Why is it that we focus the most on recycle, when it’s the end of the line?
When thinking about reducing our impact, the best option is always reducing resource consumption. Then, making a point to reuse items over and over again, rather than continuously needing to buy new, should be our next priority. And it is finally recycling that comes last, once we’ve used items to the point that they are no longer useful.
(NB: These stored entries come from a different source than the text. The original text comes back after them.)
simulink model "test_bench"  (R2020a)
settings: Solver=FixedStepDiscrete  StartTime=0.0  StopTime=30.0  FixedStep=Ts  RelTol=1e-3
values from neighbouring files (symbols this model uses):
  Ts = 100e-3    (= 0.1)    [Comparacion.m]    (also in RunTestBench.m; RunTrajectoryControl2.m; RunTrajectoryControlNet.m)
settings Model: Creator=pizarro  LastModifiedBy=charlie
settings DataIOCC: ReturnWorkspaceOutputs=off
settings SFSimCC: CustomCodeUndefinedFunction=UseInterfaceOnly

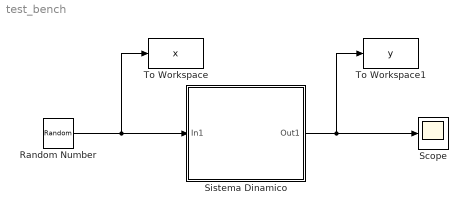
== system test_bench ==
  Random Number : RandomNumber  SampleTime=Ts
  Scope : Scope
  Sistema Dinamico : Subsystem
  To Workspace : ToWorkspace  VariableName=x  SaveFormat=Structure With Time  SampleTime=-1
  To Workspace1 : ToWorkspace  VariableName=y  SaveFormat=Structure With Time  SampleTime=-1
  wires:
  Random Number/1 -> To Workspace/1, Sistema Dinamico/1(In1)
  Sistema Dinamico/1(Out1) -> To Workspace1/1, Scope/1

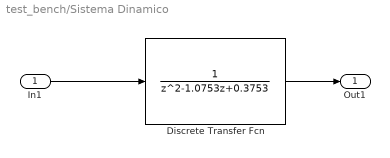
== system test_bench/Sistema Dinamico ==
  In1 : Inport
  Discrete Transfer Fcn : DiscreteTransferFcn  Denominator="[1.0000   -1.0753    0.3753]"  SampleTime=Ts
  Out1 : Outport  VectorParamsAs1DForOutWhenUnconnected=off
  wires:
  Discrete Transfer Fcn/1 -> Out1/1
  In1/1 -> Discrete Transfer Fcn/1
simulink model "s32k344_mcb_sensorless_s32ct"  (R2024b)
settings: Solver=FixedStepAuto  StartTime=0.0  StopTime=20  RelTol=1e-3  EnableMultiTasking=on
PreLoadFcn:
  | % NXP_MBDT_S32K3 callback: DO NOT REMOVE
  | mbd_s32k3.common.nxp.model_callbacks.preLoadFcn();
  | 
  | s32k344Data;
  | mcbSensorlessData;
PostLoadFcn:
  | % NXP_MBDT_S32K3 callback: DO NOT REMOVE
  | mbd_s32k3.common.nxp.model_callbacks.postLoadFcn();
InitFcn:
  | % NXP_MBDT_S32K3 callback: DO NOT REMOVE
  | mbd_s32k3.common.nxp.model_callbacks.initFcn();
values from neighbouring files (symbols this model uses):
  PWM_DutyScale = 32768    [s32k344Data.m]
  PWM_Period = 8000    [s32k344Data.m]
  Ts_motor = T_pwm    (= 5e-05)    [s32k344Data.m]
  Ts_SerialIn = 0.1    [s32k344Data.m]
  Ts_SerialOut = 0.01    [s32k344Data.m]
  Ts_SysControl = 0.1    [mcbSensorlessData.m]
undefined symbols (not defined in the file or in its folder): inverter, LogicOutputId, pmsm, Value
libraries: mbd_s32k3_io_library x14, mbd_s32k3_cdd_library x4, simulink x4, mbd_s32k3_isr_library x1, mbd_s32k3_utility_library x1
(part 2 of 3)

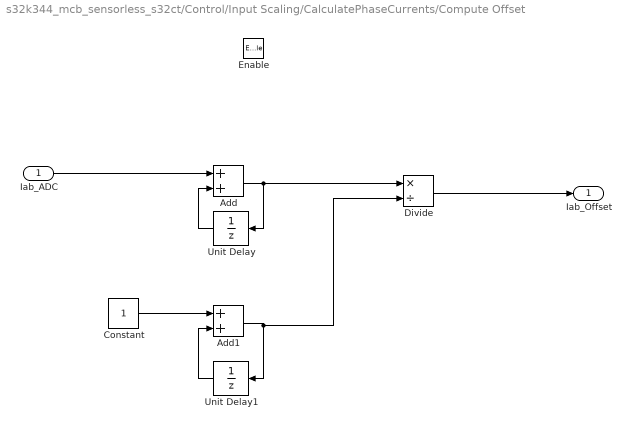
== system s32k344_mcb_sensorless_s32ct/Control/Input Scaling/CalculatePhaseCurrents/Compute Offset ==
  Iab_ADC : Inport
  Enable : EnablePort
  Add : Sum  RndMeth=Simplest  OutDataTypeStr=Inherit: Same as first input
  Add1 : Sum  RndMeth=Simplest  OutDataTypeStr=Inherit: Same as first input
  Constant : Constant  OutDataTypeStr=uint32  SampleTime=-1
  Divide : Product  Inputs=*/  RndMeth=Simplest  OutDataTypeStr=Inherit: Same as first input
  Unit Delay : UnitDelay  SampleTime=-1  HasFrameUpgradeWarning=on
  Unit Delay1 : UnitDelay  SampleTime=-1  HasFrameUpgradeWarning=on
  Iab_Offset : Outport
  wires:
  Iab_ADC/1 -> Add/1
  Unit Delay/1 -> Add/2
  Add/1 -> Divide/1, Unit Delay/1
  Constant/1 -> Add1/1
  Unit Delay1/1 -> Add1/2
  Add1/1 -> Divide/2, Unit Delay1/1
  Divide/1 -> Iab_Offset/1

== system s32k344_mcb_sensorless_s32ct/Control/SerialReceive/Variant Subsystem/CodeGeneration ==
  Constant : Constant  Value=8  OutDataTypeStr=Inherit: Inherit via back propagation
  Terminator : Terminator
  Uart : mbd_s32k3_cdd_library/Uart  api_func=Uart_AsyncReceive  channel=UartChannel_6  baudrate=UART_BAUDRATE_1200  transfer_type=UART_SEND  timeout=1  text=<binary blob, 3405 chars, not shown>
      settings: SourceProductName=CDD Blocks
  Data : Outport
  wires:
  Constant/1 -> Uart/1
  Uart/1 -> Data/1
  Uart/2 -> Terminator/1

== system s32k344_mcb_sensorless_s32ct/Control/SerialReceive/Variant Subsystem/Simulation ==
  Ground : Ground
  Data : Outport
  wires:
  Ground/1 -> Data/1

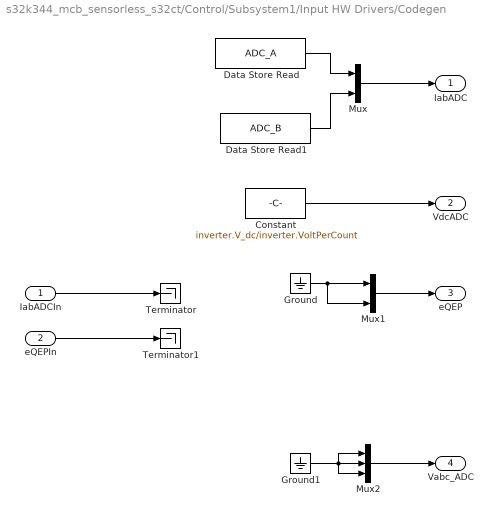
== system s32k344_mcb_sensorless_s32ct/Control/Subsystem1/Input HW Drivers/Codegen ==
  IabADCIn : Inport
  eQEPIn : Inport  Port=2
  Constant : Constant  Value=inverter.V_dc/inverter.VoltPerCount  OutDataTypeStr=uint16  SampleTime=-1
  Data Store Read : DataStoreRead  DataStoreName=ADC_A  IndexOptions=Index vector (dialog)  Indices=1  OutputSizes=1
  Data Store Read1 : DataStoreRead  DataStoreName=ADC_B  IndexOptions=Index vector (dialog)  Indices=1  OutputSizes=1
  Ground : Ground
  Ground1 : Ground
  Mux : Mux  Inputs=2
  Mux1 : Mux  Inputs=2
  Mux2 : Mux  Inputs=3
  Terminator : Terminator
  Terminator1 : Terminator
  IabADC : Outport
  VdcADC : Outport  Port=2
  eQEP : Outport  Port=3
  Vabc_ADC : Outport  Port=4
  wires:
  Ground/1 -> Mux1/2, Mux1/1
  Mux/1 -> IabADC/1
  Data Store Read1/1 -> Mux/2
  Constant/1 -> VdcADC/1
  Data Store Read/1 -> Mux/1
  Mux1/1 -> eQEP/1
  IabADCIn/1 -> Terminator/1
  eQEPIn/1 -> Terminator1/1
  Mux2/1 -> Vabc_ADC/1
  Ground1/1 -> Mux2/1, Mux2/3, Mux2/2

== system s32k344_mcb_sensorless_s32ct/Control/Subsystem1/Input HW Drivers/Sim ==
  IabADCIn : Inport
  eQEPIn : Inport  Port=2
  Constant : Constant  Value=inverter.V_dc/inverter.VoltPerCount  OutDataTypeStr=uint16  SampleTime=-1
  Ground : Ground
  IabADC : Outport
  VdcADC : Outport  Port=2
  Vabc_ADC : Outport  Port=3
  eQEP : Outport  Port=4
  wires:
  Constant/1 -> VdcADC/1
  Ground/1 -> Vabc_ADC/1
  IabADCIn/1 -> IabADC/1
  eQEPIn/1 -> eQEP/1

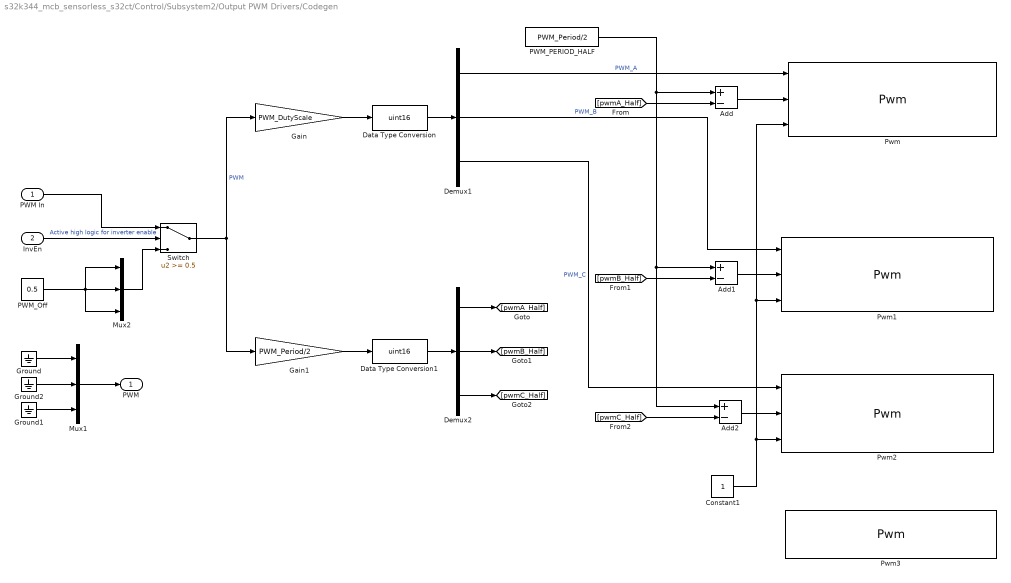
== system s32k344_mcb_sensorless_s32ct/Control/Subsystem2/Output PWM Drivers/Codegen ==
  PWM In : Inport
  InvEn : Inport  Port=2
  Add : Sum  Inputs=+-  OutDataTypeStr=uint16
  Add1 : Sum  Inputs=+-  OutDataTypeStr=uint16
  Add2 : Sum  Inputs=+-  OutDataTypeStr=uint16
  Constant1 : Constant  OutDataTypeStr=boolean  SampleTime=-1
  Data Type Conversion : DataTypeConversion  OutDataTypeStr=uint16  SaturateOnIntegerOverflow=off  RndMeth=Floor
  Data Type Conversion1 : DataTypeConversion  OutDataTypeStr=uint16  SaturateOnIntegerOverflow=off  RndMeth=Floor
  Demux1 : Demux  Outputs=3
  Demux2 : Demux  Outputs=3
  Gain : Gain  Gain=PWM_DutyScale  OutDataTypeStr=single
  Gain1 : Gain  Gain=PWM_Period/2  OutDataTypeStr=single
  Ground : Ground
  Ground1 : Ground
  Ground2 : Ground
  Mux1 : Mux  Inputs=3
  Mux2 : Mux  Inputs=3
  PWM_Off : Constant  Value=0.5  OutDataTypeStr=single
  PWM_PERIOD_HALF : Constant  Value=PWM_Period/2  OutDataTypeStr=uint16
  Pwm : mbd_s32k3_io_library/Pwm  api_func=Pwm_SetDutyPhaseShift  channel=PwmChannel_0  notification=PWM_RISING_EDGE  moduleId=PWM_EMIOS_INSTANCE_0  prescalerType=PWM_PRIMARY_PRESCALER  fault=PWM_FLEXPWM_0_FAULT_INPUT_0  text=|
      | CommonPublishedInformation - CommonPublishedInformation Pwm 
      | CommonPublishedInformation/ArReleaseMajorVersion - 4 
      | CommonPublishedInformation/ArReleaseMinorVersion - 7 
      | CommonPublishedInformation/ArReleaseRevisionVersion - 0 
      | CommonPublishedInformation/ModuleId - 121 
      | CommonPublishedInformation/SwMajorVersion - 4 
      | CommonPublishedInformation/SwMinorVersion - 0 
      | CommonPublishedInformation/SwPatchVersion - 0 
      | CommonPublishedInformation/VendorId - 43 
      | IMPLEMENTATION-CONFIG-VARIANT - VARIANT-POST-BUILD 
      | POST_BUILD_VARIANT_USED - true 
      | PwmChannel - PwmChannel_0 PwmChannel_1 PwmChannel_2 PwmChannel_3 
      | PwmChannel_0/Index - 0 
      | PwmChannel_0/PwmChannelId - 0 
      | PwmChannel_0/PwmDutycycleDefault - 16384 
      | PwmChannel_0/PwmHwChannel - /Pwm/Pwm/PwmChannelConfigSet/PwmEmios_0/PwmEmiosChannels_0 
      | PwmChannel_0/PwmIdleState - PWM_LOW 
      | PwmChannel_0/PwmMcuClockReferencePoint - /Mcu/Mcu/McuModuleConfiguration/McuClockSettingConfig_0/CORE_CLK 
      | PwmChannel_0/PwmPeriodDefault - 8000.0 
      | PwmChannel_0/PwmPeriodInTicks - true 
      | PwmChannel_0/PwmPolarity - PWM_HIGH 
      | PwmChannel_1/Index - 1 
      | PwmChannel_1/PwmChannelId - 1 
      | PwmChannel_1/PwmDutycycleDefault - 16384 
      | PwmChannel_1/PwmHwChannel - /Pwm/Pwm/PwmChannelConfigSet/PwmEmios_0/PwmEmiosChannels_1 
      | PwmChannel_1/PwmIdleState - PWM_LOW 
      | PwmChannel_1/PwmMcuClockReferencePoint - /Mcu/Mcu/McuModuleConfiguration/McuClockSettingConfig_0/CORE_CLK 
      | PwmChannel_1/PwmPeriodDefault - 8000.0 
      | PwmChannel_1/PwmPeriodInTicks - true 
      | PwmChannel_1/PwmPolarity - PWM_HIGH 
      | PwmChannel_2/Index - 2 
      | PwmChannel_2/PwmChannelId - 2 
      | PwmChannel_2/PwmDutycycleDefault - 16384 
      | PwmChannel_2/PwmHwChannel - /Pwm/Pwm/PwmChannelConfigSet/PwmEmios_0/PwmEmiosChannels_2 
      | PwmChannel_2/PwmIdleState - PWM_LOW 
      | PwmChannel_2/PwmMcuClockReferencePoint - /Mcu/Mcu/McuModuleConfiguration/McuClockSettingConfig_0/CORE_CLK 
      | PwmChannel_2/PwmPeriodDefault - 8000.0 
      | PwmChannel_2/PwmPeriodInTicks - true 
      | PwmChannel_2/PwmPolarity - PWM_HIGH 
      | PwmChannel_3/Index - 3 
      | PwmChannel_3/PwmChannelId - 3 
      | PwmChannel_3/PwmDutycycleDefault - 5 
      | PwmChannel_3/PwmHwChannel - /Pwm/Pwm/PwmChannelConfigSet/PwmEmios_0/PwmEmiosChannels_3 
      | PwmChannel_3/PwmIdleState - PWM_LOW 
      | PwmChannel_3/PwmMcuClockReferencePoint - /Mcu/Mcu/McuModuleConfiguration/McuClockSettingConfig_0/CORE_CLK 
      | PwmChannel_3/PwmPeriodDefault - 16000 
      | PwmChannel_3/PwmPeriodInTicks - true 
      | PwmChannel_3/PwmPolarity - PWM_HIGH 
      | PwmConfigurationOfOptApiServices - PwmConfigurationOfOptApiServices 
      | PwmConfigurationOfOptApiServices/PwmDeInitApi - false 
      | PwmConfigurationOfOptApiServices/PwmEmiosFastUpdateApi - true 
      | PwmConfigurationOfOptApiServices/PwmEnableMaskOutputs - false 
      | PwmConfigurationOfOptApiServices/PwmGetChannelStateApi - false 
      | PwmConfigurationOfOptApiServices/PwmGetOutputState - false 
      | PwmConfigurationOfOptApiServices/PwmSetChannelDeadTime - false 
      | PwmConfigurationOfOptApiServices/PwmSetChannelOutputApi - false 
      | PwmConfigurationOfOptApiServices/PwmSetCounterBusApi - false 
      | PwmConfigurationOfOptApiServices/PwmSetDutyCycle - true 
      | PwmConfigurationOfOptApiServices/PwmSetDutyCycle_NoUpdate - true 
      | PwmConfigurationOfOptApiServices/PwmSetDutyPhaseShift - true 
      | PwmConfigurationOfOptApiServices/PwmSetOutputToIdle - false 
      | PwmConfigurationOfOptApiServices/PwmSetPeriodAndDuty - false 
      | PwmConfigurationOfOptApiServices/PwmSetPeriodAndDuty_NoUpdate - false 
      | PwmConfigurationOfOptApiServices/PwmSetTriggerDelayApi - false 
      | PwmConfigurationOfOptApiServices/PwmVersionInfoApi - false 
      | PwmEmios - PwmEmios_0 
      | PwmEmios_0/Index - 0 
      | PwmEmios_0/PwmEmiosChannels - PwmEmiosChannels_0 PwmEmiosChannels_1 PwmEmiosChannels_2 PwmEmiosChannels_3 
      | PwmEmios_0/PwmEmiosChannels_0/EmiosChCounterBus - EMIOS_PWM_IP_BUS_BCD 
      | PwmEmios_0/PwmEmiosChannels_0/EmiosChDeadtime - 0 
      | PwmEmios_0/PwmEmiosChannels_0/EmiosChFlagGeneration - Trailing_Edge 
      | PwmEmios_0/PwmEmiosChannels_0/EmiosChFreeze - false 
      | PwmEmios_0/PwmEmiosChannels_0/EmiosChId - CH_1 
      | PwmEmios_0/PwmEmiosChannels_0/EmiosChInterrupt - EMIOS_PWM_IP_NOTIFICATION_DISABLED 
      | PwmEmios_0/PwmEmiosChannels_0/EmiosChMode - EMIOS_PWM_IP_MODE_OPWMB 
      | PwmEmios_0/PwmEmiosChannels_0/EmiosChOutputDisable - EMIOS_PWM_IP_OUTPUT_DISABLE_NONE 
      | PwmEmios_0/PwmEmiosChannels_0/EmiosChPhaseShift - 0 
      | PwmEmios_0/PwmEmiosChannels_0/EmiosChPrescaler - EMIOS_PWM_IP_CLOCK_DIV_1 
      | PwmEmios_0/PwmEmiosChannels_0/EmiosChPrescalerAlternate - EMIOS_PWM_IP_CLOCK_DIV_1 
      | PwmEmios_0/PwmEmiosChannels_0/EmiosChPrescalerSource - EMIOS_PWM_IP_PS_SRC_MODULE_CLOCK 
      | PwmEmios_0/PwmEmiosChannels_0/EmiosChTrigger - 0 
      | PwmEmios_0/PwmEmiosChannels_0/Index - 0 
      | PwmEmios_0/PwmEmiosChannels_0/PwmEmiosBusRef - /Mcl/Mcl/MclConfig/EmiosCommon_0/EmiosMclMasterBus_0 
      | PwmEmios_0/PwmEmiosChannels_1/EmiosChCounterBus - EMIOS_PWM_IP_BUS_BCD 
      | PwmEmios_0/PwmEmiosChannels_1/EmiosChDeadtime - 0 
      | PwmEmios_0/PwmEmiosChannels_1/EmiosChFlagGeneration - Trailing_Edge 
      | PwmEmios_0/PwmEmiosChannels_1/EmiosChFreeze - false 
      | PwmEmios_0/PwmEmiosChannels_1/EmiosChId - CH_2 
      | PwmEmios_0/PwmEmiosChannels_1/EmiosChInterrupt - EMIOS_PWM_IP_NOTIFICATION_DISABLED 
      | PwmEmios_0/PwmEmiosChannels_1/EmiosChMode - EMIOS_PWM_IP_MODE_OPWMB 
      | PwmEmios_0/PwmEmiosChannels_1/EmiosChOutputDisable - EMIOS_PWM_IP_OUTPUT_DISABLE_NONE 
      | PwmEmios_0/PwmEmiosChannels_1/EmiosChPhaseShift - 0 
      | PwmEmios_0/PwmEmiosChannels_1/EmiosChPrescaler - EMIOS_PWM_IP_CLOCK_DIV_1 
      | PwmEmios_0/PwmEmiosChannels_1/EmiosChPrescalerAlternate - EMIOS_PWM_IP_CLOCK_DIV_1 
      | PwmEmios_0/PwmEmiosChannels_1/EmiosChPrescalerSource - EMIOS_PWM_IP_PS_SRC_MODULE_CLOCK 
      | PwmEmios_0/PwmEmiosChannels_1/EmiosChTrigger - 0 
      | PwmEmios_0/PwmEmiosChannels_1/Index - 1 
      | PwmEmios_0/PwmEmiosChannels_1/PwmEmiosBusRef - /Mcl/Mcl/MclConfig/EmiosCommon_0/EmiosMclMasterBus_0 
      | PwmEmios_0/PwmEmiosChannels_2/EmiosChCounterBus - EMIOS_PWM_IP_BUS_BCD 
      | PwmEmios_0/PwmEmiosChannels_2/EmiosChDeadtime - 0 
      | PwmEmios_0/PwmEmiosChannels_2/EmiosChFlagGeneration - Trailing_Edge 
      | PwmEmios_0/PwmEmiosChannels_2/EmiosChFreeze - false 
      | PwmEmios_0/PwmEmiosChannels_2/EmiosChId - CH_3 
      | PwmEmios_0/PwmEmiosChannels_2/EmiosChInterrupt - EMIOS_PWM_IP_NOTIFICATION_DISABLED 
      | PwmEmios_0/PwmEmiosChannels_2/EmiosChMode - EMIOS_PWM_IP_MODE_OPWMB 
      | PwmEmios_0/PwmEmiosChannels_2/EmiosChOutputDisable - EMIOS_PWM_IP_OUTPUT_DISABLE_NONE 
      | PwmEmios_0/PwmEmiosChannels_2/EmiosChPhaseShift - 0 
      | PwmEmios_0/PwmEmiosChannels_2/EmiosChPrescaler - EMIOS_PWM_IP_CLOCK_DIV_1 
      | PwmEmios_0/PwmEmiosChannels_2/EmiosChPrescalerAlternate - EMIOS_PWM_IP_CLOCK_DIV_1 
      | PwmEmios_0/PwmEmiosChannels_2/EmiosChPrescalerSource - EMIOS_PWM_IP_PS_SRC_MODULE_CLOCK 
      | PwmEmios_0/PwmEmiosChannels_2/EmiosChTrigger - 0 
      | PwmEmios_0/PwmEmiosChannels_2/Index - 2 
      | PwmEmios_0/PwmEmiosChannels_2/PwmEmiosBusRef - /Mcl/Mcl/MclConfig/EmiosCommon_0/EmiosMclMasterBus_0 
      | PwmEmios_0/PwmEmiosChannels_3/EmiosChCounterBus - EMIOS_PWM_IP_BUS_A 
      | PwmEmios_0/PwmEmiosChannels_3/EmiosChDeadtime - 0 
      | PwmEmios_0/PwmEmiosChannels_3/EmiosChFlagGeneration - Trailing_Edge 
      | PwmEmios_0/PwmEmiosChannels_3/EmiosChFreeze - false 
      | PwmEmios_0/PwmEmiosChannels_3/EmiosChId - CH_4 
      | PwmEmios_0/PwmEmiosChannels_3/EmiosChInterrupt - EMIOS_PWM_IP_NOTIFICATION_DISABLED 
      | PwmEmios_0/PwmEmiosChannels_3/EmiosChMode - EMIOS_PWM_IP_MODE_OPWMB 
      | PwmEmios_0/PwmEmiosChannels_3/EmiosChOutputDisable - EMIOS_PWM_IP_OUTPUT_DISABLE_NONE 
      | PwmEmios_0/PwmEmiosChannels_3/EmiosChPhaseShift - 0 
      | PwmEmios_0/PwmEmiosChannels_3/EmiosChPrescaler - EMIOS_PWM_IP_CLOCK_DIV_1 
      | PwmEmios_0/PwmEmiosChannels_3/EmiosChPrescalerAlternate - EMIOS_PWM_IP_CLOCK_DIV_1 
      | PwmEmios_0/PwmEmiosChannels_3/EmiosChPrescalerSource - EMIOS_PWM_IP_PS_SRC_MODULE_CLOCK 
      | PwmEmios_0/PwmEmiosChannels_3/EmiosChTrigger - 0 
      | PwmEmios_0/PwmEmiosChannels_3/Index - 3 
      | PwmEmios_0/PwmEmiosChannels_3/PwmEmiosBusRef - /Mcl/Mcl/MclConfig/EmiosCommon_0/EmiosMclMasterBus_2 
      | PwmEmios_0/PwmHwInstance - Emios_0 
      | PwmEtpu - PwmChannelConfigSet 
      | PwmGeneral - PwmGeneral 
      | PwmGeneral/PwmDevErrorDetect - false 
      | PwmGeneral/PwmDutycycleUpdatedEndperiod - false 
      | PwmGeneral/PwmEnableDualClockMode - false 
      | PwmGeneral/PwmEnableUserModeSupport - false 
      | PwmGeneral/PwmFaultNotificationSupported - false 
      | PwmGeneral/PwmIndex - 0 
      | PwmGeneral/PwmMultiChannelSync - true 
      | PwmGeneral/PwmMultipartitionEnabled - false 
      | PwmGeneral/PwmNotificationSupported - false 
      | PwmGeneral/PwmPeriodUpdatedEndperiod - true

Focusing on recycle has reduced the little green symbol to an easy way for businesses to say “it’s ok to buy more, you can feel good about throwing it away”.
In actuality, only 9% of all plastic products and packaging ever made has been recycled. 270 million tonnes of NEW plastic is produced yearly and 275 million tonnes becomes waste. Of that, 8 million metric tonnes ends up ‘leaked’ into our oceans YEARLY. Plastic in landfills leech toxins into our soil and water systems and greenhouse gasses into the air. And plastic takes nearly forever to decompose. It might break into smaller and smaller pieces, but that results in microplastics entering our water and food systems.
Meanwhile, we know that just 100 companies are responsible for 71% of global emissions. But we’re over here trying to sort our kerbside recycling hoping it will end up in the right place. When big corporations aren’t even reducing the amount of plastic they use in packaging. Those companies use smart marketing and diversion tactics to make sure we feel the weight and remind us to keep recycling!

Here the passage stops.